AFAICT, there's essentially no overlap of features beyond the fact that
they're virtual file systems. The feature sets are completely different, and
there's no intersection where if you read more than a few words into whatever
you're looking at you'll be left scratching your head thinking "Oh jeez, which
one is it this time?"

------
ekidd
From the article:

> _Lots of branches – Users of Git create branches pretty prolifically. It’s
> not uncommon for an engineer to build up ~20 branches over time and multiply
> 20 by, say 5000 engineers and that’s 100,000 branches. Git just won’t be
> usable.

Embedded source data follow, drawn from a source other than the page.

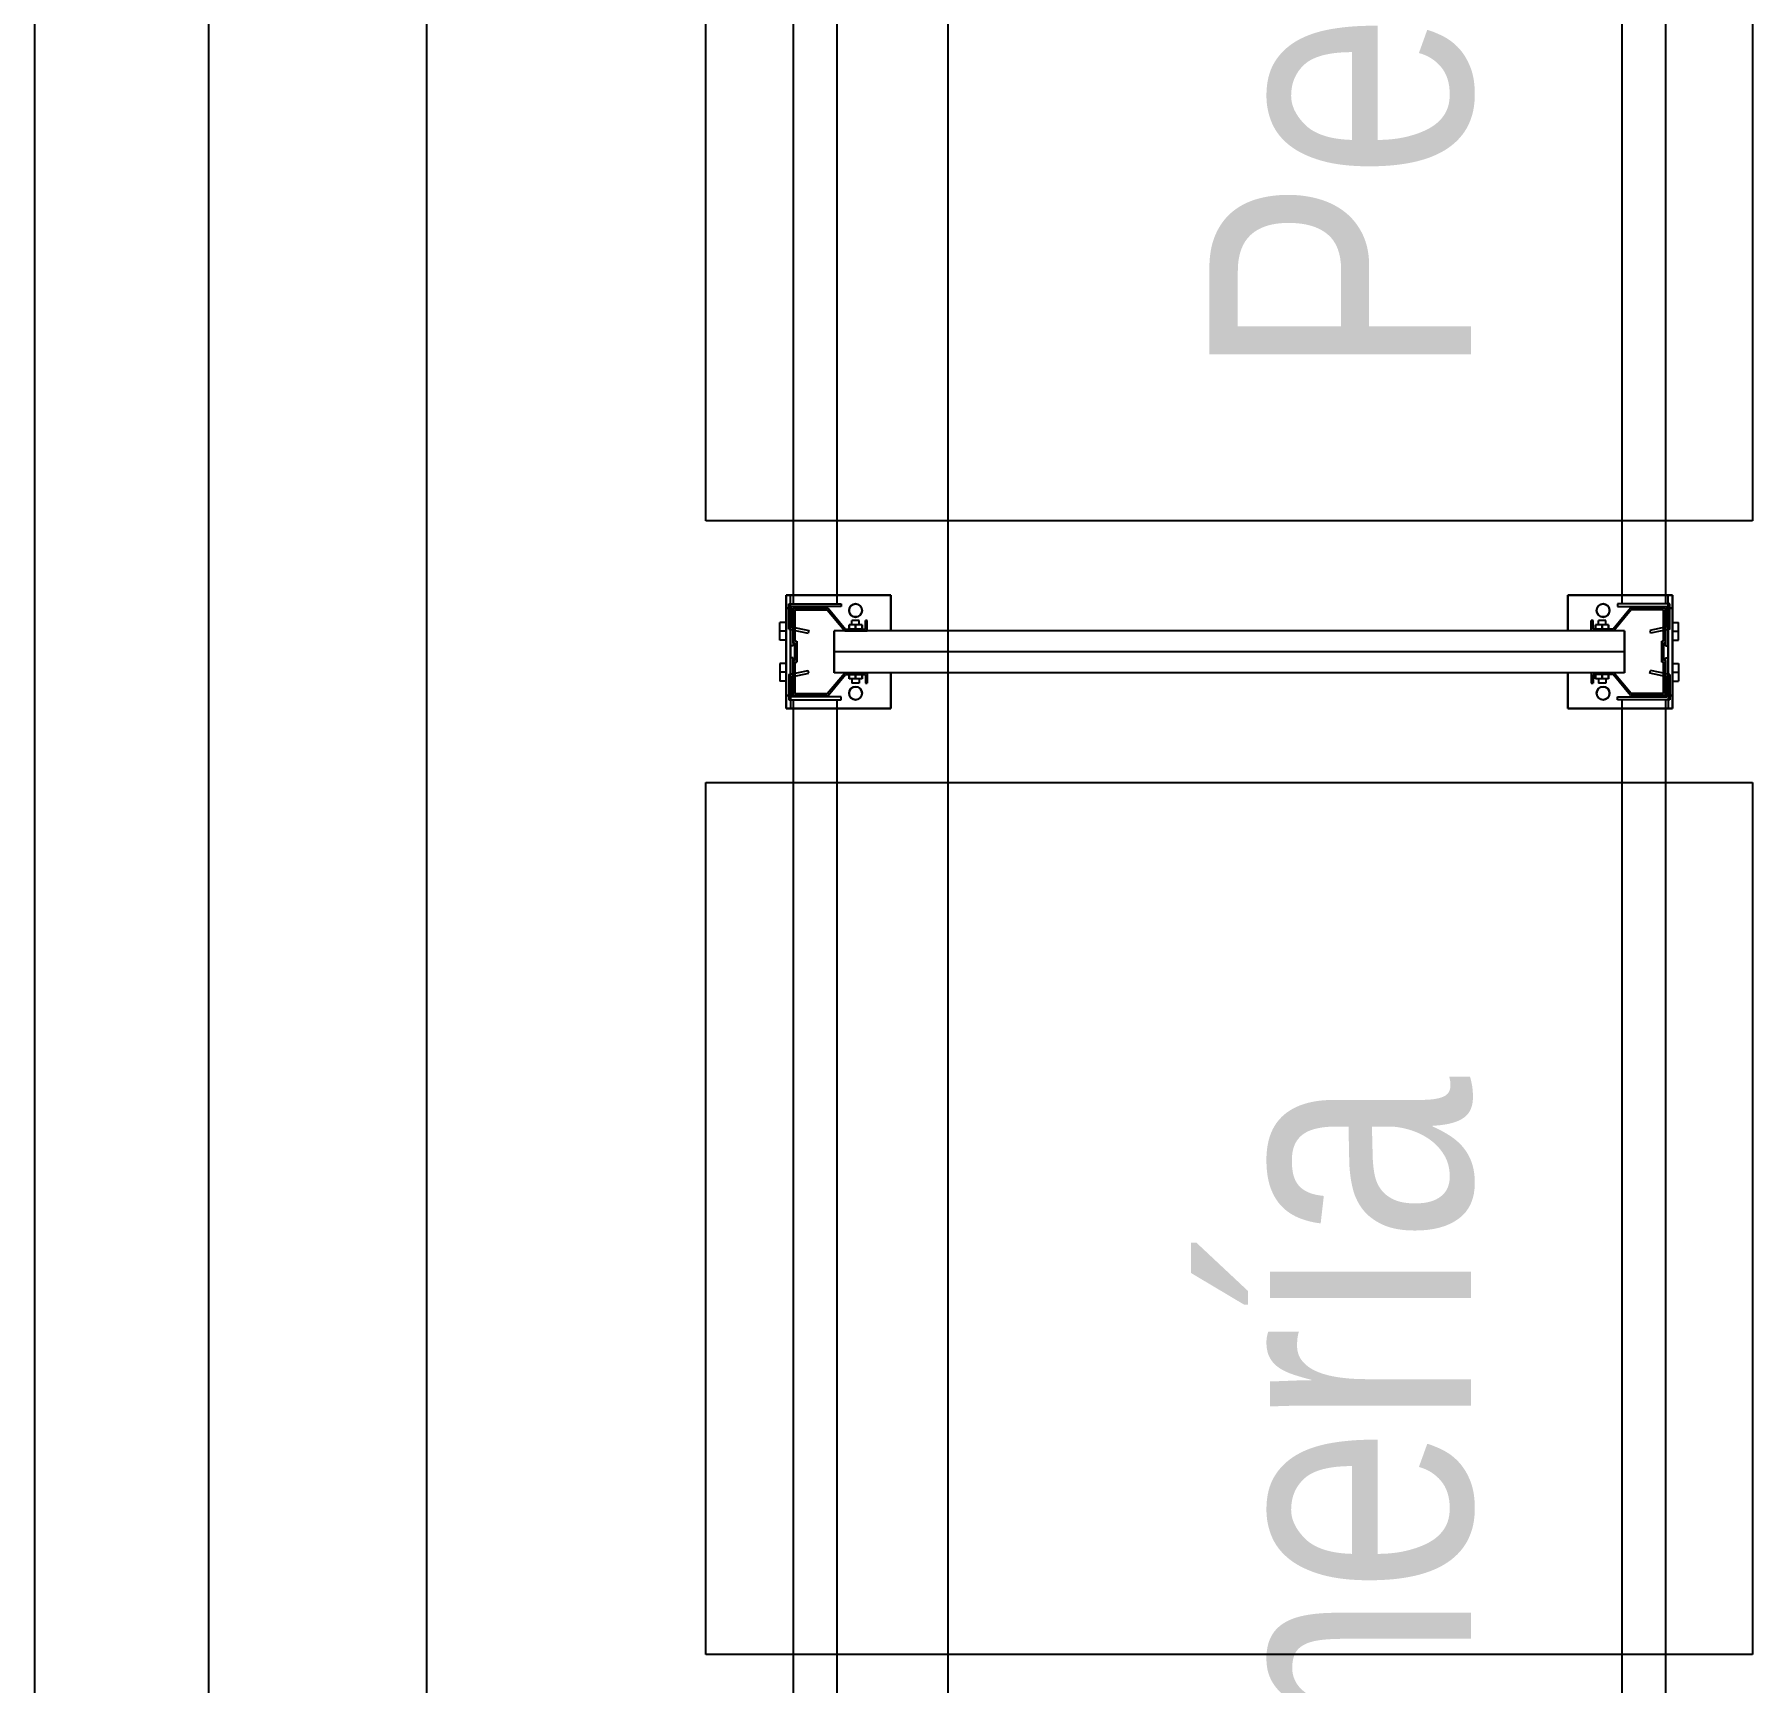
# Model space of a CAD drawing. Header units: metres. Extents: x 0 to 8715937, y -236336 to 216.
# Drawn here: x 109.6 to 111.57, y 59.022 to 60.912 of the extents above; entities that cross this region are included whole.
import ezdxf

# ---------------------------------------------------------------- set-up
doc = ezdxf.new("R2010")
doc.units = ezdxf.units.M
doc.header["$MEASUREMENT"] = 0
doc.linetypes.add('ACAD_ISO10W100', pattern=[18, 12, -3, 0, -3])
for name, color, linetype in [('0-BLOCK-ARQUITECTURA', 7, 'Continuous'), ('0-BLOCK-EQUIPAMIENTO', 7, 'Continuous'), ('0-BLOCK-ESTRUCTURA', 7, 'Continuous'), ('AAA BAST', 5, 'Continuous'), ('AAA COTAS', 7, 'Continuous'), ('AAA LARG', 1, 'Continuous'), ('AAA PALLETS', 7, 'Continuous'), ('EJES', 251, 'ACAD_ISO10W100'), ('MURO', 4, 'Continuous'), ('TEXTO', 7, 'Continuous')]:
    doc.layers.add(name, color=color, linetype=linetype)
doc.styles.add('AR', font='arial.ttf')

# ---------------------------------------------------------------- blocks, each defined once
blk = doc.blocks.new('DPM-ARQUITECTURA')
at = {"layer": 'MURO', "ltscale": 0.1}
for p, q in [((21.8801, 103.2229), (21.8801, 50.4111)), ((22.0801, 50.4111), (22.0801, 92.9343))]:
    blk.add_line(p, q, dxfattribs=at)
blk = doc.blocks.new('DPM-ESTRUCTURA')
at = {"layer": 'EJES', "ltscale": 0.4}
for p, q in [((22.33, 41.5801), (22.33, 112.3301)), ((22.9278, 41.5801), (22.9278, 112.3301))]:
    blk.add_line(p, q, dxfattribs=at)
blk = doc.blocks.new('1A MODULO SIMPLE')
at = {"layer": 'AAA BAST'}
for points in [[(-2.1307, 1.015), (-2.1307, 1.017), (-2.1407, 1.017), (-2.1407, 1.04), (-2.1167, 1.06), (-2.1167, 1.1), (-2.1567, 1.1), (-2.1567, 1.098), (-2.1767, 1.098), (-2.1767, 1.1), (-2.2167, 1.1), (-2.2167, 1.06), (-2.1927, 1.04), (-2.1927, 1.017), (-2.2027, 1.017), (-2.2027, 1.015), (-2.1907, 1.015), (-2.1907, 1.0409), (-2.2147, 1.0609), (-2.2147, 1.098), (-2.1787, 1.098), (-2.1787, 1.096), (-2.1547, 1.096), (-2.1547, 1.098), (-2.1187, 1.098), (-2.1187, 1.0609), (-2.1427, 1.0409), (-2.1427, 1.015)], [(0.1973, 1.015), (0.1973, 1.017), (0.2073, 1.017), (0.2073, 1.04), (0.1833, 1.06), (0.1833, 1.1), (0.2233, 1.1), (0.2233, 1.098), (0.2433, 1.098), (0.2433, 1.1), (0.2833, 1.1), (0.2833, 1.06), (0.2593, 1.04), (0.2593, 1.017), (0.2693, 1.017), (0.2693, 1.015), (0.2573, 1.015), (0.2573, 1.0409), (0.2813, 1.0609), (0.2813, 1.098), (0.2453, 1.098), (0.2453, 1.096), (0.2213, 1.096), (0.2213, 1.098), (0.1853, 1.098), (0.1853, 1.0609), (0.2093, 1.0409), (0.2093, 1.015)], [(-2.1307, 0.185), (-2.1307, 0.183), (-2.1407, 0.183), (-2.1407, 0.16), (-2.1167, 0.14), (-2.1167, 0.1), (-2.1567, 0.1), (-2.1567, 0.102), (-2.1767, 0.102), (-2.1767, 0.1), (-2.2167, 0.1), (-2.2167, 0.14), (-2.1927, 0.16), (-2.1927, 0.183), (-2.2027, 0.183), (-2.2027, 0.185), (-2.1907, 0.185), (-2.1907, 0.1591), (-2.2147, 0.1391), (-2.2147, 0.102), (-2.1787, 0.102), (-2.1787, 0.104), (-2.1547, 0.104), (-2.1547, 0.102), (-2.1187, 0.102), (-2.1187, 0.1391), (-2.1427, 0.1591), (-2.1427, 0.185)], [(0.1973, 0.185), (0.1973, 0.183), (0.2073, 0.183), (0.2073, 0.16), (0.1833, 0.14), (0.1833, 0.1), (0.2233, 0.1), (0.2233, 0.102), (0.2433, 0.102), (0.2433, 0.1), (0.2833, 0.1), (0.2833, 0.14), (0.2593, 0.16), (0.2593, 0.183), (0.2693, 0.183), (0.2693, 0.185), (0.2573, 0.185), (0.2573, 0.1591), (0.2813, 0.1391), (0.2813, 0.102), (0.2453, 0.102), (0.2453, 0.104), (0.2213, 0.104), (0.2213, 0.102), (0.1853, 0.102), (0.1853, 0.1391), (0.2093, 0.1591), (0.2093, 0.185)]]:
    blk.add_hatch(color=251, dxfattribs=at).paths.add_polyline_path(points)
at = {"layer": 'AAA BAST', "color": 251}
for p, q in [((-2.2167, 1.1082), (-2.2317, 1.1082)), ((-2.2317, 1.1082), (-2.2317, 0.9882)), ((-2.2167, 1.1032), (-2.2317, 1.1032)), ((-2.1167, 1.1082), (-2.2167, 1.1082)), ((-2.2167, 1.1082), (-2.2167, 1.1032)), ((-2.2167, 1.1032), (-2.1167, 1.1032)), ((-2.2067, 1.1), (-2.2067, 1.1032)), ((-2.2067, 1.1032), (-2.1737, 1.1032)), ((-2.1802, 1.1152), (-2.2002, 1.1152)), ((-2.2002, 1.1082), (-2.2002, 1.1152)), ((-2.1902, 1.1082), (-2.1902, 1.1152)), ((-2.1802, 1.1082), (-2.1802, 1.1152)), ((-2.1737, 1.1), (-2.1737, 1.1032)), ((-2.1597, 1.1), (-2.1597, 1.1032)), ((-2.1532, 1.1152), (-2.1332, 1.1152)), ((-2.1532, 1.1082), (-2.1532, 1.1152)), ((-2.1432, 1.1082), (-2.1432, 1.1152)), ((-2.1332, 1.1082), (-2.1332, 1.1152)), ((-2.1267, 1.1), (-2.1267, 1.1032)), ((-2.1167, 1.1032), (-2.1167, 1.1082)), ((-2.1017, 1.1082), (-2.1167, 1.1082)), ((-2.1167, 1.1032), (-2.1017, 1.1032)), ((-2.1017, 0.9882), (-2.1017, 1.1082)), ((0.1683, 0.9882), (0.1683, 1.1082)), ((0.1683, 1.1082), (0.1833, 1.1082)), ((0.1833, 1.1032), (0.1683, 1.1032)), ((0.1833, 1.1032), (0.1833, 1.1082)), ((0.1833, 1.1082), (0.2833, 1.1082)), ((0.2833, 1.1032), (0.1833, 1.1032)), ((0.1933, 1.1), (0.1933, 1.1032)), ((0.2198, 1.1152), (0.1998, 1.1152)), ((0.1998, 1.1082), (0.1998, 1.1152)), ((0.2098, 1.1082), (0.2098, 1.1152)), ((0.2198, 1.1082), (0.2198, 1.1152)), ((0.2263, 1.1), (0.2263, 1.1032)), ((0.2403, 1.1), (0.2403, 1.1032)), ((0.2733, 1.1032), (0.2403, 1.1032)), ((0.2468, 1.1152), (0.2668, 1.1152)), ((0.2468, 1.1082), (0.2468, 1.1152)), ((0.2568, 1.1082), (0.2568, 1.1152)), ((0.2668, 1.1082), (0.2668, 1.1152)), ((0.2733, 1.1), (0.2733, 1.1032)), ((0.2833, 1.1082), (0.2833, 1.1032)), ((0.2833, 1.1082), (0.2983, 1.1082)), ((0.2833, 1.1032), (0.2983, 1.1032)), ((0.2983, 1.1082), (0.2983, 0.9882)), ((-2.1767, 1.1), (-2.2167, 1.1)), ((-2.2167, 1.1), (-2.2167, 1.06)), ((-2.2147, 1.098), (-2.2147, 1.0609)), ((-2.1787, 1.098), (-2.2147, 1.098)), ((-2.1787, 1.098), (-2.1787, 1.096)), ((-2.1547, 1.096), (-2.1787, 1.096)), ((-2.1767, 1.1), (-2.1767, 1.098)), ((-2.1767, 1.1), (-2.1737, 1.1)), ((-2.1567, 1.098), (-2.1767, 1.098)), ((-2.1567, 1.1), (-2.1597, 1.1)), ((-2.1167, 1.1), (-2.1567, 1.1)), ((-2.1567, 1.1), (-2.1567, 1.098)), ((-2.1187, 1.098), (-2.1547, 1.098)), ((-2.1547, 1.098), (-2.1547, 1.096)), ((-2.1187, 1.098), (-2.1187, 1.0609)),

To solve this, we built a feature we call “limited refs” into our
> Git service (Team Services and TFS) that will cause the service to pretend
> that only the branches “you care about” are projected to your Git client.
> You can favorite the branches you want and Git will be happy._

This is almost certainly a result of trying to have one company-wide
monolithic repository that holds the source code of hundreds or thousands of
separate projects.

Git is more pleasant when you break your codebase into isolated components.
These can be pretty large—the Linux kernel has 16 million lines of code—but if
your codebase is many times larger than a complete modern kernel, you might
want to split it.

If you have 5,000 engineers all pushing branches to a single master git
repository, you may want to either rethink your repository structure, or at
least have maintainer subtrees the way Linux does.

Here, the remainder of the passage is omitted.